**To do:** Of all the lines in the records below, copy only those that contain the string "styles".

(Extracted data entries)

════

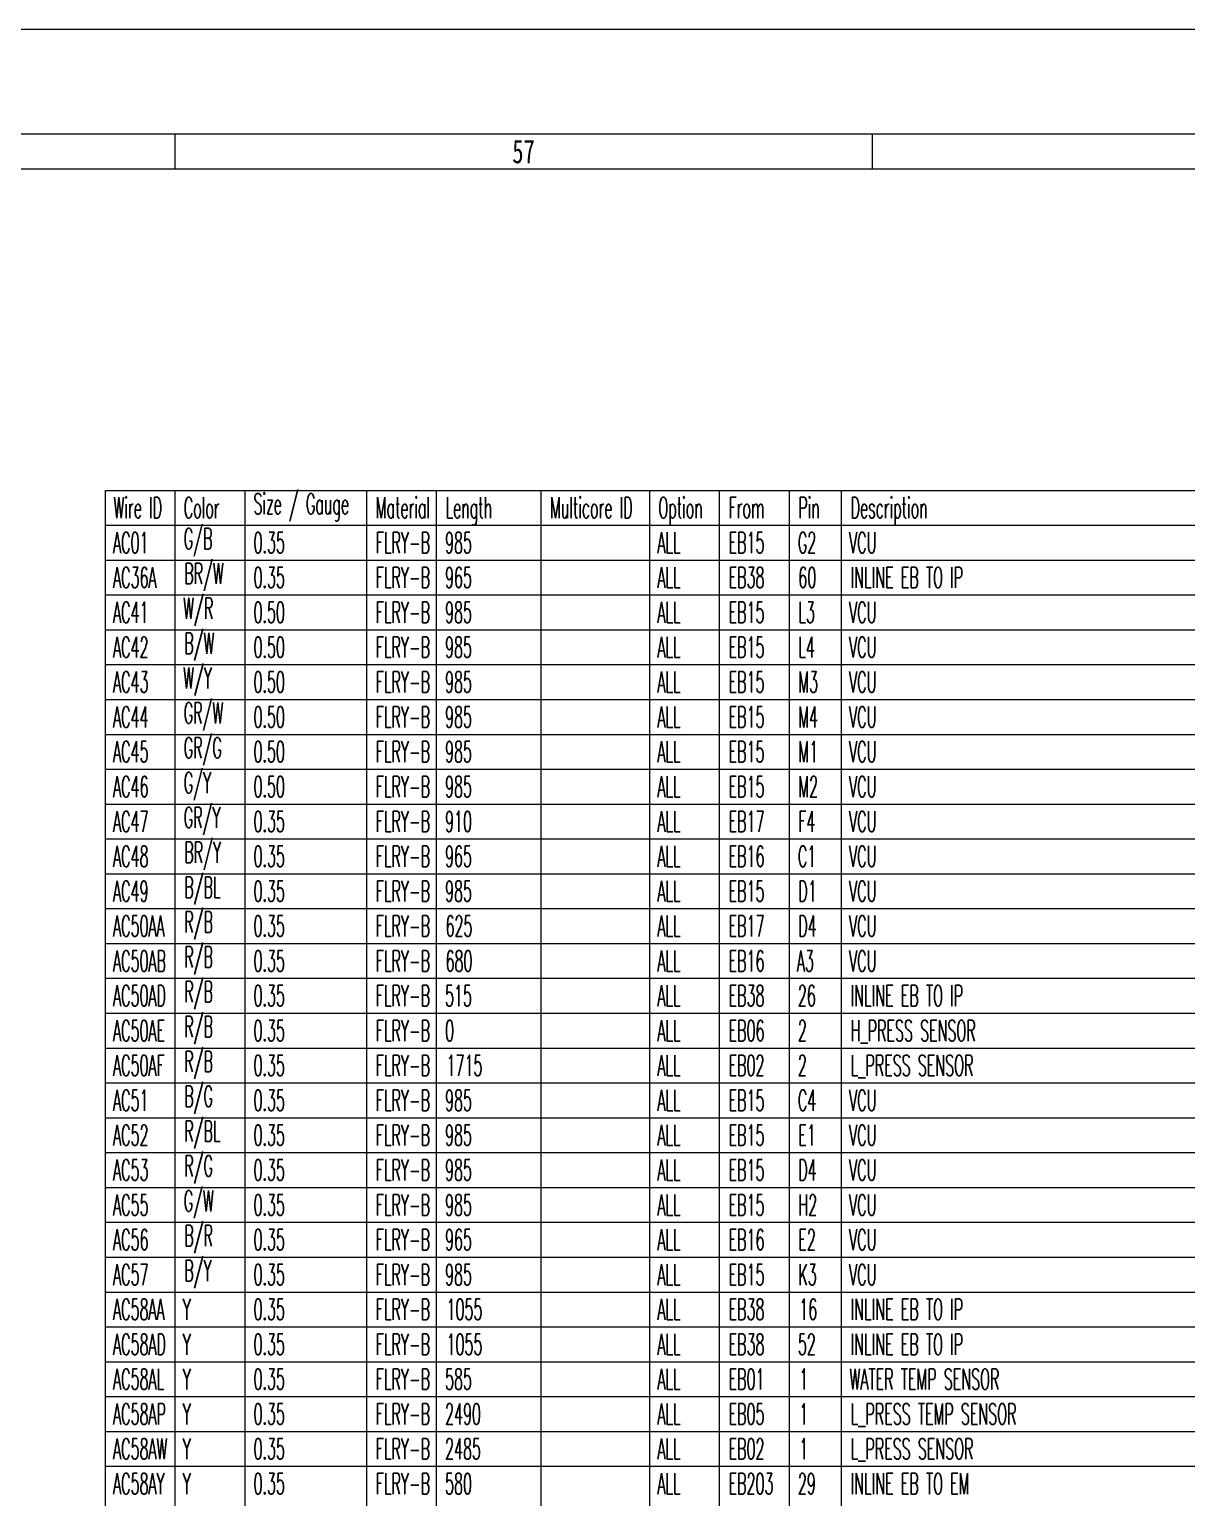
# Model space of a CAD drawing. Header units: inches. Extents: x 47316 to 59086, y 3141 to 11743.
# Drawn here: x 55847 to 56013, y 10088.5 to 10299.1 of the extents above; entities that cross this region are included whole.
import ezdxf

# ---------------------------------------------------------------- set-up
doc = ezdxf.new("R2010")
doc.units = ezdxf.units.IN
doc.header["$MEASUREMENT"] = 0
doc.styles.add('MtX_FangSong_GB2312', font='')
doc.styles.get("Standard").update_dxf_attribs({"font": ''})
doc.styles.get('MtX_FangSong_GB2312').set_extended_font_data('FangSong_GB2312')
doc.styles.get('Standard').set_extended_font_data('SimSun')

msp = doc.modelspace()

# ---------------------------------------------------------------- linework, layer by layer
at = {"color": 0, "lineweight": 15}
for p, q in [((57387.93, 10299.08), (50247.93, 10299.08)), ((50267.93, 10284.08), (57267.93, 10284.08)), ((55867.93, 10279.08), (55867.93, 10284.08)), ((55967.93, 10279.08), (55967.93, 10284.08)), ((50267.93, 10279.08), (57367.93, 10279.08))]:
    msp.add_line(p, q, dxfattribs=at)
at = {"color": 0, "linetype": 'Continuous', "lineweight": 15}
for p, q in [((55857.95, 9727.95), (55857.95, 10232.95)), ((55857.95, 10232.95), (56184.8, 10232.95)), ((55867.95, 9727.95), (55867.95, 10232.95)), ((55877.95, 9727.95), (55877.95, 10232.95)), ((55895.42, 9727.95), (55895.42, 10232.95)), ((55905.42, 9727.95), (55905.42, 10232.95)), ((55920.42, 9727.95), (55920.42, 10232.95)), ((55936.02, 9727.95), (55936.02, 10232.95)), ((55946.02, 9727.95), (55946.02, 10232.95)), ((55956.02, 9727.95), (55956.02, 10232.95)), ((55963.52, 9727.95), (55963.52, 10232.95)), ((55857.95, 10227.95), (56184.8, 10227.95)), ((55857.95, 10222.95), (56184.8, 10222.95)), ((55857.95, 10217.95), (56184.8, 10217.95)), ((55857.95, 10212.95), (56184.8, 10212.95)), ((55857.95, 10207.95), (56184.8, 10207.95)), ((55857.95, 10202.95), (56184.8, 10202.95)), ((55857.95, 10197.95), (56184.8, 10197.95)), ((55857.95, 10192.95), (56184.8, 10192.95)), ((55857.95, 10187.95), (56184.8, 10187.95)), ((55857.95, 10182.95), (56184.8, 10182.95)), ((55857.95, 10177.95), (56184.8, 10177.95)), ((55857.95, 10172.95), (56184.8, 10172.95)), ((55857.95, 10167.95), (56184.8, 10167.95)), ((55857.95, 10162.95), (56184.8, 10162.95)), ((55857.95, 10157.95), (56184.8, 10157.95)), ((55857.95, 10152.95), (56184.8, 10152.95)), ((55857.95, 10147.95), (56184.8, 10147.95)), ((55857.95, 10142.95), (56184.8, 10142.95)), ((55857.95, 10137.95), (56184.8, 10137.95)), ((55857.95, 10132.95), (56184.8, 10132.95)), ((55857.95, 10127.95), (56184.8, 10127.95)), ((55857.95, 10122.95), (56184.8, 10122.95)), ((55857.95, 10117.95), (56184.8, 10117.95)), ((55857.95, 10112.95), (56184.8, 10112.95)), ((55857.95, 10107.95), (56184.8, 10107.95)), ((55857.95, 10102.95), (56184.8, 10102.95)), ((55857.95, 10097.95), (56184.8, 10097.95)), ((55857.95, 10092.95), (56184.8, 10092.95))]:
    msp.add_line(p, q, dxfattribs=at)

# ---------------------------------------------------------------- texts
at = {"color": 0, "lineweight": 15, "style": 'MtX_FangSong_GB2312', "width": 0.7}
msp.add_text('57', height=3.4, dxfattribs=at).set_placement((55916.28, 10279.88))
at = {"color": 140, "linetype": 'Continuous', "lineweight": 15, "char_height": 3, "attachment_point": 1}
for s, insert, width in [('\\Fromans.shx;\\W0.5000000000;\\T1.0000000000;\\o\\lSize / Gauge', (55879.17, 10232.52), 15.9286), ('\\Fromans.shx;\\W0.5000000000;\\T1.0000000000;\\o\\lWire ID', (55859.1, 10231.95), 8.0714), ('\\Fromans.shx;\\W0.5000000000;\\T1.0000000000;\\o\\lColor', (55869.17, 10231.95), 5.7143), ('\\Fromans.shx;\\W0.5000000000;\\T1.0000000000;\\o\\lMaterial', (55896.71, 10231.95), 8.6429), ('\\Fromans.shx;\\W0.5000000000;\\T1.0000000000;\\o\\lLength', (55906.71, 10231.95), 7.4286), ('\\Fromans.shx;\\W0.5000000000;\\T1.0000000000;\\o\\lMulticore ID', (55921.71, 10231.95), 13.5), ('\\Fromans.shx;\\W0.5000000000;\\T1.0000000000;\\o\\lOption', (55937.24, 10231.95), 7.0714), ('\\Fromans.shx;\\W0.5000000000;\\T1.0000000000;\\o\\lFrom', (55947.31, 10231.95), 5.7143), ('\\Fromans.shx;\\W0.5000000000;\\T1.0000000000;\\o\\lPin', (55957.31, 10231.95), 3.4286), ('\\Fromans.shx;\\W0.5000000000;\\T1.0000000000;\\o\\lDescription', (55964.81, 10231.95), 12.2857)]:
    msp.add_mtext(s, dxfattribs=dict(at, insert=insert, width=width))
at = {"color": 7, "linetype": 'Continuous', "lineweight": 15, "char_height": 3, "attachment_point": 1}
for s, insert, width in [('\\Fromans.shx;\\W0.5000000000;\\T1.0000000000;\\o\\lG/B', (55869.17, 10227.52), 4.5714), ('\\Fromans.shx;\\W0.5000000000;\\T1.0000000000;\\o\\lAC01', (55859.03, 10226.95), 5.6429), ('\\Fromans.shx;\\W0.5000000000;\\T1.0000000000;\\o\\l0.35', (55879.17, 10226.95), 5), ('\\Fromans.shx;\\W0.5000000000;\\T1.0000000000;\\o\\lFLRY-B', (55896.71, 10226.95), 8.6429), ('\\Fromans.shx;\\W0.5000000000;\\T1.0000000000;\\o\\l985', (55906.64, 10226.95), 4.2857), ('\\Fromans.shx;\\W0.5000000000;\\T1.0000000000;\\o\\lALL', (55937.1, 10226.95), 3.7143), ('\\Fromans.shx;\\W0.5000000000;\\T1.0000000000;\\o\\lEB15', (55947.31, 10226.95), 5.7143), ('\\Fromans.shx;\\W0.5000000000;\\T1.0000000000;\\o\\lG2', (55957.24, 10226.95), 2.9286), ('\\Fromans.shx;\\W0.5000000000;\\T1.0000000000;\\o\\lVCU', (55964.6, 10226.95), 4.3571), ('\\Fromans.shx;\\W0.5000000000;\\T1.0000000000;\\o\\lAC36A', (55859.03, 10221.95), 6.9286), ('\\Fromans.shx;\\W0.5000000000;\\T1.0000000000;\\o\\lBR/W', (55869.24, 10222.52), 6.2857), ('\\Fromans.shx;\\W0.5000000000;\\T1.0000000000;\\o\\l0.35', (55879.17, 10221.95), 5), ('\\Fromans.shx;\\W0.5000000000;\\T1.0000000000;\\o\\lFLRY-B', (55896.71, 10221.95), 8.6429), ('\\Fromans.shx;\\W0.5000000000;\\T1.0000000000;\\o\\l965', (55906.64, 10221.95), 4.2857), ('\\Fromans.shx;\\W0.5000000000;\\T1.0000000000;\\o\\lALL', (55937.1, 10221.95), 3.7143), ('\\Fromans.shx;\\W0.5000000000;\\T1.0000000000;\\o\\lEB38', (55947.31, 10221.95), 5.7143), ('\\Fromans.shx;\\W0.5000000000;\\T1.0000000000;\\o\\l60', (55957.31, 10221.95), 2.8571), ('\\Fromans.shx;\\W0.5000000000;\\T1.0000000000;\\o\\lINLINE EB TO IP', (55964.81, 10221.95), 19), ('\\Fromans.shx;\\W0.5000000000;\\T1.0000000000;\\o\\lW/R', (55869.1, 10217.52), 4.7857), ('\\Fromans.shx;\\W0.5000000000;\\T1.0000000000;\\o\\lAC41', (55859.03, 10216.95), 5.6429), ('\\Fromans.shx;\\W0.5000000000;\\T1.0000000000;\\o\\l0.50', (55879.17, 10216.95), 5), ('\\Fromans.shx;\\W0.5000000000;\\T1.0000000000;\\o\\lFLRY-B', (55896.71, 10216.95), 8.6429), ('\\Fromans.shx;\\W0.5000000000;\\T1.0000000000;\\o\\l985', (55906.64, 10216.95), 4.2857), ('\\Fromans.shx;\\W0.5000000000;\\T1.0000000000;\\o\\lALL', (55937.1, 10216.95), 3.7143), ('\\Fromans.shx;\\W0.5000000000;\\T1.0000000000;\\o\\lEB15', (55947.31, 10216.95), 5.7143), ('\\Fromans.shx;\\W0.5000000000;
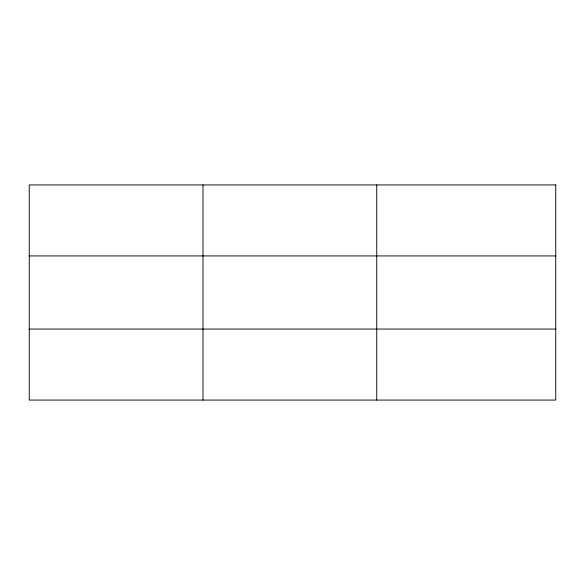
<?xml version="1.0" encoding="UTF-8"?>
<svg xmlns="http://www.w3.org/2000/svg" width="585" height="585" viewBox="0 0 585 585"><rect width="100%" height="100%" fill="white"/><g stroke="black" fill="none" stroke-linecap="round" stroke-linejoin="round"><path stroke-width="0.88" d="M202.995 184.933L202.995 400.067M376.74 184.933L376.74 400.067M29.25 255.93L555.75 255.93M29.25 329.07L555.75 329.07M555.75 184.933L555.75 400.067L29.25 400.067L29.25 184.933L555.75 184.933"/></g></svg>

════

**Written response:**
doc.styles.add('MtX_FangSong_GB2312', font='')
doc.styles.get("Standard").update_dxf_attribs({"font": ''})
doc.styles.get('MtX_FangSong_GB2312').set_extended_font_data('FangSong_GB2312')
doc.styles.get('Standard').set_extended_font_data('SimSun')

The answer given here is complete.